Each line from the first entry to the line with "#1=APPLICATION_CONTEXT('core data for", both included, is to be returned unchanged, with any pictures dropped.

[Data extracted from a collection]
*** Begin section ***

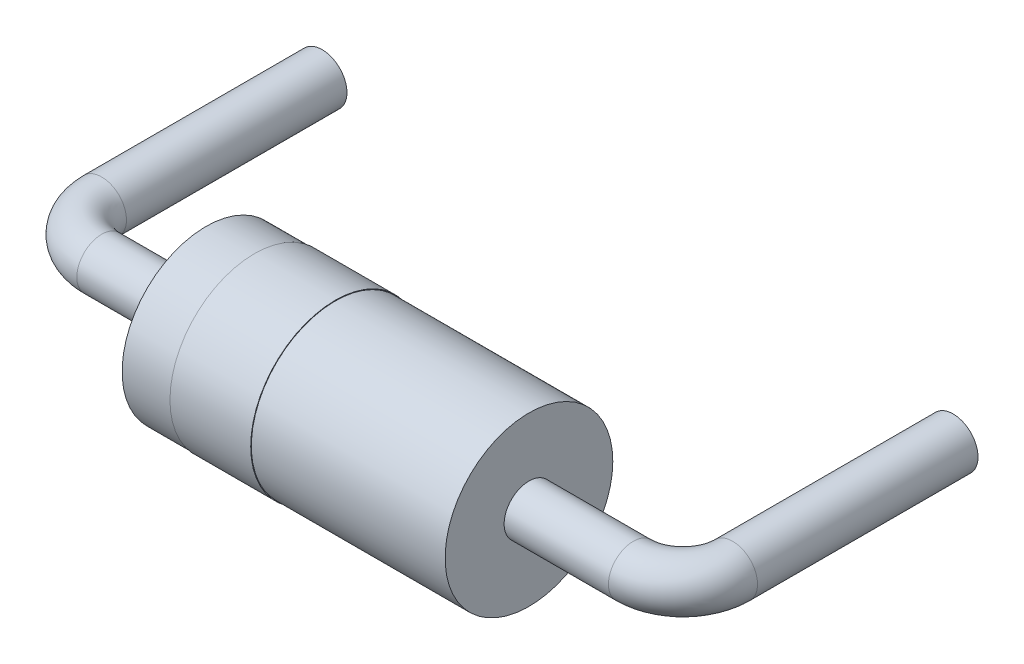
ISO-10303-21;
HEADER;
FILE_DESCRIPTION(('STEP AP214'),'2;1');
FILE_NAME('part.step','',(''),(''),'','','');
FILE_SCHEMA(('AUTOMOTIVE_DESIGN { 1 0 10303 214 1 1 1 1 }'));
ENDSEC;
DATA;
#1=APPLICATION_CONTEXT('core data for automotive mechanical design processes');
#2=APPLICATION_PROTOCOL_DEFINITION('international standard','automotive_design',2000,#1);
#3=PRODUCT_CONTEXT('',#1,'mechanical');
#4=PRODUCT('Part','Part','',(#3));
#5=PRODUCT_RELATED_PRODUCT_CATEGORY('part','',(#4));
#6=PRODUCT_DEFINITION_FORMATION('','',#4);
#7=PRODUCT_DEFINITION_CONTEXT('part definition',#1,'design');
#8=PRODUCT_DEFINITION('design','',#6,#7);
#9=PRODUCT_DEFINITION_SHAPE('','',#8);
#10=(LENGTH_UNIT() NAMED_UNIT(*) SI_UNIT(.MILLI.,.METRE.));
#11=(NAMED_UNIT(*) PLANE_ANGLE_UNIT() SI_UNIT($,.RADIAN.));
#12=(NAMED_UNIT(*) SI_UNIT($,.STERADIAN.) SOLID_ANGLE_UNIT());
#13=UNCERTAINTY_MEASURE_WITH_UNIT(LENGTH_MEASURE(1.E-05),#10,'distance_accuracy_value','');
#14=(GEOMETRIC_REPRESENTATION_CONTEXT(3) GLOBAL_UNCERTAINTY_ASSIGNED_CONTEXT((#13)) GLOBAL_UNIT_ASSIGNED_CONTEXT((#10,
#11,#12)) REPRESENTATION_CONTEXT('',''));
#15=CARTESIAN_POINT('',(0.,0.,0.));
#16=DIRECTION('',(0.,0.,1.));
#17=DIRECTION('',(1.,0.,0.));
#18=AXIS2_PLACEMENT_3D('',#15,#16,#17);
#19=CARTESIAN_POINT('',(0.4,0.,-2.5));
#20=DIRECTION('',(0.,0.,-1.));
#21=DIRECTION('',(-1.,0.,0.));
#22=AXIS2_PLACEMENT_3D('',#19,#20,#21);
#23=PLANE('',#22);
#24=CARTESIAN_POINT('',(0.,0.,-2.5));
#25=DIRECTION('',(0.,0.,1.));
#26=DIRECTION('',(0.,-1.,0.));
#27=AXIS2_PLACEMENT_3D('',#24,#25,#26);
#28=CIRCLE('',#27,0.4);
#29=CARTESIAN_POINT('',(0.,-0.4,-2.5));
#30=VERTEX_POINT('',#29);
#31=EDGE_CURVE('E18',#30,#30,#28,.T.);
#32=ORIENTED_EDGE('',*,*,#31,.F.);
#33=EDGE_LOOP('',(#32));
#34=FACE_BOUND('',#33,.T.);
#35=ADVANCED_FACE('F15',(#34),#23,.T.);
#36=CARTESIAN_POINT('',(0.,0.,1.05));
#37=DIRECTION('',(0.,0.,1.));
#38=DIRECTION('',(0.,-1.,0.));
#39=AXIS2_PLACEMENT_3D('',#36,#37,#38);
#40=CYLINDRICAL_SURFACE('',#39,0.4);
#41=CARTESIAN_POINT('',(0.,0.,1.05));
#42=DIRECTION('',(0.,0.,1.));
#43=DIRECTION('',(-1.,0.,0.));
#44=AXIS2_PLACEMENT_3D('',#41,#42,#43);
#45=CIRCLE('',#44,0.4);
#46=CARTESIAN_POINT('',(-0.4,0.,1.05));
#47=VERTEX_POINT('',#46);
#48=EDGE_CURVE('E30',#47,#47,#45,.T.);
#49=ORIENTED_EDGE('',*,*,#48,.F.);
#50=EDGE_LOOP('',(#49));
#51=FACE_BOUND('',#50,.T.);
#52=ORIENTED_EDGE('',*,*,#31,.T.);
#53=EDGE_LOOP('',(#52));
#54=FACE_BOUND('',#53,.T.);
#55=ADVANCED_FACE('F69',(#51,#54),#40,.T.);
#56=CARTESIAN_POINT('',(0.8,0.,1.05));
#57=DIRECTION('',(0.,1.,0.));
#58=DIRECTION('',(1.,0.,0.));
#59=AXIS2_PLACEMENT_3D('',#56,#57,#58);
#60=TOROIDAL_SURFACE('',#59,0.8,0.4);
#61=CARTESIAN_POINT('',(0.8,0.,1.85));
#62=DIRECTION('',(1.,0.,0.));
#63=DIRECTION('',(0.,0.,-1.));
#64=AXIS2_PLACEMENT_3D('',#61,#62,#63);
#65=CIRCLE('',#64,0.4);
#66=CARTESIAN_POINT('',(0.8,0.,1.45));
#67=VERTEX_POINT('',#66);
#68=EDGE_CURVE('E53',#67,#67,#65,.T.);
#69=ORIENTED_EDGE('',*,*,#68,.F.);
#70=EDGE_LOOP('',(#69));
#71=FACE_BOUND('',#70,.T.);
#72=ORIENTED_EDGE('',*,*,#48,.T.);
#73=EDGE_LOOP('',(#72));
#74=FACE_BOUND('',#73,.T.);
#75=ADVANCED_FACE('F65',(#71,#74),#60,.T.);
#76=CARTESIAN_POINT('',(0.8,0.,1.85));
#77=DIRECTION('',(1.,0.,0.));
#78=DIRECTION('',(0.,0.,-1.));
#79=AXIS2_PLACEMENT_3D('',#76,#77,#78);
#80=CYLINDRICAL_SURFACE('',#79,0.4);
#81=CARTESIAN_POINT('',(2.48,0.,1.85));
#82=DIRECTION('',(1.,0.,0.));
#83=DIRECTION('',(0.,0.,-1.));
#84=AXIS2_PLACEMENT_3D('',#81,#82,#83);
#85=CIRCLE('',#84,0.4);
#86=CARTESIAN_POINT('',(2.48,0.,1.45));
#87=VERTEX_POINT('',#86);
#88=EDGE_CURVE('E51',#87,#87,#85,.F.);
#89=ORIENTED_EDGE('',*,*,#88,.T.);
#90=EDGE_LOOP('',(#89));
#91=FACE_BOUND('',#90,.T.);
#92=ORIENTED_EDGE('',*,*,#68,.T.);
#93=EDGE_LOOP('',(#92));
#94=FACE_BOUND('',#93,.T.);
#95=ADVANCED_FACE('F68',(#91,#94),#80,.T.);
#96=CARTESIAN_POINT('',(2.48,0.,1.85));
#97=DIRECTION('',(1.,0.,0.));
#98=DIRECTION('',(0.,0.,-1.));
#99=AXIS2_PLACEMENT_3D('',#96,#97,#98);
#100=PLANE('',#99);
#101=ORIENTED_EDGE('',*,*,#88,.F.);
#102=EDGE_LOOP('',(#101));
#103=FACE_BOUND('',#102,.T.);
#104=CARTESIAN_POINT('',(2.48,0.,1.85));
#105=DIRECTION('',(1.,0.,0.));
#106=DIRECTION('',(0.,0.,-1.));
#107=AXIS2_PLACEMENT_3D('',#104,#105,#106);
#108=CIRCLE('',#107,1.35);
#109=CARTESIAN_POINT('',(2.48,0.,0.5));
#110=VERTEX_POINT('',#109);
#111=EDGE_CURVE('E49',#110,#110,#108,.T.);
#112=ORIENTED_EDGE('',*,*,#111,.F.);
#113=EDGE_LOOP('',(#112));
#114=FACE_BOUND('',#113,.T.);
#115=ADVANCED_FACE('F130',(#103,#114),#100,.F.);
#116=CARTESIAN_POINT('',(9.76,0.,-2.5));
#117=DIRECTION('',(0.,0.,1.));
#118=DIRECTION('',(1.,0.,0.));
#119=AXIS2_PLACEMENT_3D('',#116,#117,#118);
#120=PLANE('',#119);
#121=CARTESIAN_POINT('',(10.16,0.,-2.5));
#122=DIRECTION('',(0.,0.,-1.));
#123=DIRECTION('',(0.,1.,0.));
#124=AXIS2_PLACEMENT_3D('',#121,#122,#123);
#125=CIRCLE('',#124,0.4);
#126=CARTESIAN_POINT('',(10.16,0.4,-2.5));
#127=VERTEX_POINT('',#126);
#128=EDGE_CURVE('E46',#127,#127,#125,.F.);
#129=ORIENTED_EDGE('',*,*,#128,.F.);
#130=EDGE_LOOP('',(#129));
#131=FACE_BOUND('',#130,.T.);
#132=ADVANCED_FACE('F127',(#131),#120,.F.);
#133=CARTESIAN_POINT('',(2.48,0.,1.85));
#134=DIRECTION('',(1.,0.,0.));
#135=DIRECTION('',(0.,0.,-1.));
#136=AXIS2_PLACEMENT_3D('',#133,#134,#135);
#137=CYLINDRICAL_SURFACE('',#136,1.35);
#138=ORIENTED_EDGE('',*,*,#111,.T.);
#139=EDGE_LOOP('',(#138));
#140=FACE_BOUND('',#139,.T.);
#141=CARTESIAN_POINT('',(3.26,0.,1.85));
#142=DIRECTION('',(1.,0.,0.));
#143=DIRECTION('',(0.,0.,-1.));
#144=AXIS2_PLACEMENT_3D('',#141,#142,#143);
#145=CIRCLE('',#144,1.35);
#146=CARTESIAN_POINT('',(3.26,0.,0.5));
#147=VERTEX_POINT('',#146);
#148=EDGE_CURVE('E43',#147,#147,#145,.F.);
#149=ORIENTED_EDGE('',*,*,#148,.T.);
#150=EDGE_LOOP('',(#149));
#151=FACE_BOUND('',#150,.T.);
#152=ADVANCED_FACE('F123',(#140,#151),#137,.T.);
#153=CARTESIAN_POINT('',(10.16,0.,1.05));
#154=DIRECTION('',(0.,0.,-1.));
#155=DIRECTION('',(0.,1.,0.));
#156=AXIS2_PLACEMENT_3D('',#153,#154,#155);
#157=CYLINDRICAL_SURFACE('',#156,0.4);
#158=ORIENTED_EDGE('',*,*,#128,.T.);
#159=EDGE_LOOP('',(#158));
#160=FACE_BOUND('',#159,.T.);
#161=CARTESIAN_POINT('',(10.16,0.,1.05));
#162=DIRECTION('',(0.,0.,-1.));
#163=DIRECTION('',(1.,0.,0.));
#164=AXIS2_PLACEMENT_3D('',#161,#162,#163);
#165=CIRCLE('',#164,0.4);
#166=CARTESIAN_POINT('',(10.56,0.,1.05));
#167=VERTEX_POINT('',#166);
#168=EDGE_CURVE('E42',#167,#167,#165,.F.);
#169=ORIENTED_EDGE('',*,*,#168,.F.);
#170=EDGE_LOOP('',(#169));
#171=FACE_BOUND('',#170,.T.);
#172=ADVANCED_FACE('F119',(#160,#171),#157,.T.);
#173=CARTESIAN_POINT('',(3.26,0.,1.85));
#174=DIRECTION('',(1.,0.,0.));
#175=DIRECTION('',(0.,0.,-1.));
#176=AXIS2_PLACEMENT_3D('',#173,#174,#175);
#177=PLANE('',#176);
#178=ORIENTED_EDGE('',*,*,#148,.F.);
#179=EDGE_LOOP('',(#178));
#180=FACE_BOUND('',#179,.T.);
#181=CARTESIAN_POINT('',(3.26,0.,1.85));
#182=DIRECTION('',(1.,0.,0.));
#183=DIRECTION('',(0.,0.,-1.));
#184=AXIS2_PLACEMENT_3D('',#181,#182,#183);
#185=CIRCLE('',#184,1.36);
#186=CARTESIAN_POINT('',(3.26,0.,0.49));
#187=VERTEX_POINT('',#186);
#188=EDGE_CURVE('E39',#187,#187,#185,.T.);
#189=ORIENTED_EDGE('',*,*,#188,.F.);
#190=EDGE_LOOP('',(#189));
#191=FACE_BOUND('',#190,.T.);
#192=ADVANCED_FACE('F107',(#180,#191),#177,.F.);
#193=CARTESIAN_POINT('',(9.36,0.,1.05));
#194=DIRECTION('',(0.,1.,0.));
#195=DIRECTION('',(1.,0.,0.));
#196=AXIS2_PLACEMENT_3D('',#193,#194,#195);
#197=TOROIDAL_SURFACE('',#196,0.8,0.4);
#198=ORIENTED_EDGE('',*,*,#168,.T.);
#199=EDGE_LOOP('',(#198));
#200=FACE_BOUND('',#199,.T.);
#201=CARTESIAN_POINT('',(9.36,0.,1.85));
#202=DIRECTION('',(1.,0.,0.));
#203=DIRECTION('',(0.,0.,-1.));
#204=AXIS2_PLACEMENT_3D('',#201,#202,#203);
#205=CIRCLE('',#204,0.4);
#206=CARTESIAN_POINT('',(9.36,0.,1.45));
#207=VERTEX_POINT('',#206);
#208=EDGE_CURVE('E38',#207,#207,#205,.F.);
#209=ORIENTED_EDGE('',*,*,#208,.F.);
#210=EDGE_LOOP('',(#209));
#211=FACE_BOUND('',#210,.T.);
#212=ADVANCED_FACE('F103',(#200,#211),#197,.T.);
#213=CARTESIAN_POINT('',(3.26,0.,1.85));
#214=DIRECTION('',(1.,0.,0.));
#215=DIRECTION('',(0.,0.,-1.));
#216=AXIS2_PLACEMENT_3D('',#213,#214,#215);
#217=CYLINDRICAL_SURFACE('',#216,1.36);
#218=CARTESIAN_POINT('',(4.56,0.,1.85));
#219=DIRECTION('',(1.,0.,0.));
#220=DIRECTION('',(0.,0.,-1.));
#221=AXIS2_PLACEMENT_3D('',#218,#219,#220);
#222=CIRCLE('',#221,1.36);
#223=CARTESIAN_POINT('',(4.56,0.,0.49));
#224=VERTEX_POINT('',#223);
#225=EDGE_CURVE('E35',#224,#224,#222,.T.);
#226=ORIENTED_EDGE('',*,*,#225,.F.);
#227=EDGE_LOOP('',(#226));
#228=FACE_BOUND('',#227,.T.);
#229=ORIENTED_EDGE('',*,*,#188,.T.);
#230=EDGE_LOOP('',(#229));
#231=FACE_BOUND('',#230,.T.);
#232=ADVANCED_FACE('F99',(#228,#231),#217,.T.);
#233=CARTESIAN_POINT('',(0.8,0.,1.85));
#234=DIRECTION('',(1.,0.,0.));
#235=DIRECTION('',(0.,0.,-1.));
#236=AXIS2_PLACEMENT_3D('',#233,#234,#235);
#237=CYLINDRICAL_SURFACE('',#236,0.4);
#238=ORIENTED_EDGE('',*,*,#208,.T.);
#239=EDGE_LOOP('',(#238));
#240=FACE_BOUND('',#239,.T.);
#241=CARTESIAN_POINT('',(7.68,0.,1.85));
#242=DIRECTION('',(1.,0.,0.));
#243=DIRECTION('',(0.,0.,-1.));
#244=AXIS2_PLACEMENT_3D('',#241,#242,#243);
#245=CIRCLE('',#244,0.4);
#246=CARTESIAN_POINT('',(7.68,0.,1.45));
#247=VERTEX_POINT('',#246);
#248=EDGE_CURVE('E27',#247,#247,#245,.F.);
#249=ORIENTED_EDGE('',*,*,#248,.F.);
#250=EDGE_LOOP('',(#249));
#251=FACE_BOUND('',#250,.T.);
#252=ADVANCED_FACE('F95',(#240,#251),#237,.T.);
#253=CARTESIAN_POINT('',(4.56,0.,1.85));
#254=DIRECTION('',(1.,0.,0.));
#255=DIRECTION('',(0.,0.,-1.));
#256=AXIS2_PLACEMENT_3D('',#253,#254,#255);
#257=PLANE('',#256);
#258=CARTESIAN_POINT('',(4.56,0.,1.85));
#259=DIRECTION('',(1.,0.,0.));
#260=DIRECTION('',(0.,0.,-1.));
#261=AXIS2_PLACEMENT_3D('',#258,#259,#260);
#262=CIRCLE('',#261,1.35);
#263=CARTESIAN_POINT('',(4.56,0.,0.5));
#264=VERTEX_POINT('',#263);
#265=EDGE_CURVE('E22',#264,#264,#262,.T.);
#266=ORIENTED_EDGE('',*,*,#265,.F.);
#267=EDGE_LOOP('',(#266));
#268=FACE_BOUND('',#267,.T.);
#269=ORIENTED_EDGE('',*,*,#225,.T.);
#270=EDGE_LOOP('',(#269));
#271=FACE_BOUND('',#270,.T.);
#272=ADVANCED_FACE('F88',(#268,#271),#257,.T.);
#273=CARTESIAN_POINT('',(7.68,0.,1.85));
#274=DIRECTION('',(1.,0.,0.));
#275=DIRECTION('',(0.,0.,-1.));
#276=AXIS2_PLACEMENT_3D('',#273,#274,#275);
#277=PLANE('',#276);
#278=ORIENTED_EDGE('',*,*,#248,.T.);
#279=EDGE_LOOP('',(#278));
#280=FACE_BOUND('',#279,.T.);
#281=CARTESIAN_POINT('',(7.68,0.,1.85));
#282=DIRECTION('',(1.,0.,0.));
#283=DIRECTION('',(0.,0.,-1.));
#284=AXIS2_PLACEMENT_3D('',#281,#282,#283);
#285=CIRCLE('',#284,1.35);
#286=CARTESIAN_POINT('',(7.68,0.,0.5));
#287=VERTEX_POINT('',#286);
#288=EDGE_CURVE('E10',#287,#287,#285,.F.);
#289=ORIENTED_EDGE('',*,*,#288,.F.);
#290=EDGE_LOOP('',(#289));
#291=FACE_BOUND('',#290,.T.);
#292=ADVANCED_FACE('F83',(#280,#291),#277,.T.);
#293=CARTESIAN_POINT('',(2.48,0.,1.85));
#294=DIRECTION('',(1.,0.,0.));
#295=DIRECTION('',(0.,0.,-1.));
#296=AXIS2_PLACEMENT_3D('',#293,#294,#295);
#297=CYLINDRICAL_SURFACE('',#296,1.35);
#298=ORIENTED_EDGE('',*,*,#288,.T.);
#299=EDGE_LOOP('',(#298));
#300=FACE_BOUND('',#299,.T.);
#301=ORIENTED_EDGE('',*,*,#265,.T.);
#302=EDGE_LOOP('',(#301));
#303=FACE_BOUND('',#302,.T.);
#304=ADVANCED_FACE('F81',(#300,#303),#297,.T.);
#305=CLOSED_SHELL('',(#35,#55,#75,#95,#115,#132,#152,#172,#192,#212,#232,#252,#272,#292,#304));
#306=MANIFOLD_SOLID_BREP('B1',#305);
#307=ADVANCED_BREP_SHAPE_REPRESENTATION('',(#18,#306),#14);
#308=SHAPE_DEFINITION_REPRESENTATION(#9,#307);
ENDSEC;
END-ISO-10303-21;

*** End section ***

* [Your response]
ISO-10303-21;
HEADER;
FILE_DESCRIPTION(('STEP AP214'),'2;1');
FILE_NAME('part.step','',(''),(''),'','','');
FILE_SCHEMA(('AUTOMOTIVE_DESIGN { 1 0 10303 214 1 1 1 1 }'));
ENDSEC;
DATA;
#1=APPLICATION_CONTEXT('core data for automotive mechanical design processes');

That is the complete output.